A federal lawsuit against is underway against cops in St.Charles, Missouri, alleging that officers seized a phone from a man who was recording them using what he considered to be “excessive force” while making an arrest.
Kyle Hamilton, has filed suit with the ACLU following the incident which happened last year. Hamilton says he started filming the cops from around 30 to 40 feet away when he saw them mistreating a young woman in the street, chasing after her and pushing her to the ground.
Hamilton says that the officers noticed his phone, then snatched it and deleted the footage while manhandling him.
“An officer came up to me and took my phone and then I was held by an officer on a horse by the back of my shirt,” Hamilton told kmov News 4.
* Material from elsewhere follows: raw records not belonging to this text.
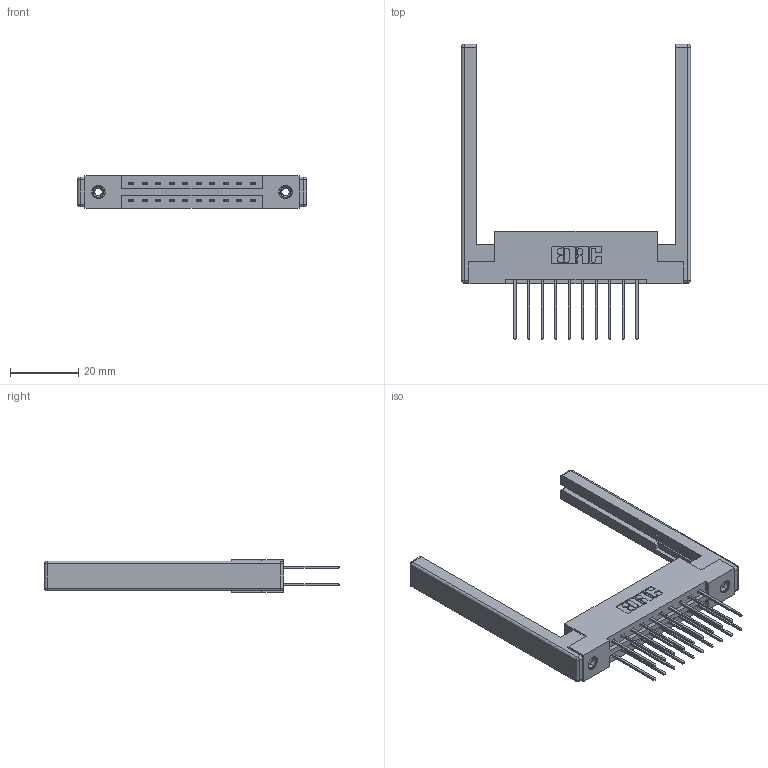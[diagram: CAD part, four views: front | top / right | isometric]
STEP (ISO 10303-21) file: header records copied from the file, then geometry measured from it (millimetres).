
FILE_DESCRIPTION (( 'STEP AP203' ), '1' );
FILE_NAME ('387-020-542-268.STEP', '2019-10-16T15:35:21', ( '' ), ( '' ), 'SwSTEP 2.0', 'SolidWorks 2016', '' );
FILE_SCHEMA (( 'CONFIG_CONTROL_DESIGN' ));
Length unit declared in the file: inch
Products named in the file (5): 345-250-001_345-250-001-102; 387-020-542-268; 337 Part_Flush Mounting Lugs - 0.156 Dia-TI; 307-220-068; 345-292-001_345-293-142
Assembly tree (25 placements, depth 2):
  387-020-542-268
    337 Part_Flush Mounting Lugs - 0.156 Dia-TI
    345-292-001_345-293-142  x20
    345-250-001_345-250-001-102  x2
    307-220-068  x2
Bounding box: 67.06 x 86.37 x 9.4 mm (x, y, z)
Volume: 11119 mm3; surface area: 11801.3 mm2
Topology: 25 solids, 25 shells, 1348 faces, 3921 edges, 2566 vertices
Faces by surface type: plane 918, cylinder 406, cone 12, sphere 8, torus 4
Entity records: 14670 total; most frequent: CARTESIAN_POINT 2463, ORIENTED_EDGE 2388, DIRECTION 2224, EDGE_CURVE 1194, LINE 1016, VECTOR 1016, VERTEX_POINT 786, AXIS2_PLACEMENT_3D 604

“He was holding the back of my shirt, pulling me against the horse,” Hamilton said. “He held me so hard that part of the shirt ripped.”
When the police took his phone, Hamilton says he attempted to protest by stating “this is my personal property. This is a public space.”
“It’s a situation where I know the law and I wish — I would hope — that those that enforce the law are also aware of it,” Hamilton said.
“Hamilton recognized [defendant Officer] Jane Roe because he recalled seeing her use what he considered to be excessive force against other individuals in the past,” the complaint notes, referring to the two cops only as “John Doe” and “Jane Roe”
“Doe held Hamilton’s shirt collar, choking him, bruising his neck, and ripping his shirt,” the complaint also states.
Hamilton claims Roe threatened to throw him in jail, despite the fact that she “had no reasonable suspicion that he had committed a crime.”
The cops are said to have then demanded Hamilton’s pass code for the phone and wiped the footage from the device.
ACLU Executive Director Jeffrey Mittman believes Hamilton’s constitutional rights were violated.
“Court after court has said the right of the public, the right of a citizen in a public place to observe and record police is vital and protected.”
Indeed, in the past eighteen months, both federal and Supreme Court judges have ruled that Americans have a right to film police under the First Amendment. In cases all over the country, police have attempted to use wiretapping laws against citizens who have filmed them while on duty.
Hamilton is seeking a judgment that the police violated his rights under the First, Fourth, Fifth and Fourteenth Amendments, as well as damages for assault and battery. He also wishes to have it entered into the record that St. Charles police have a “policy or custom” of targeting citizens who attempt to film them.
The case is the latest in a string of documented incidents where cops have been caught attempting to seize cell phones, and even deleting footage recorded by law abiding people they have come into contact with.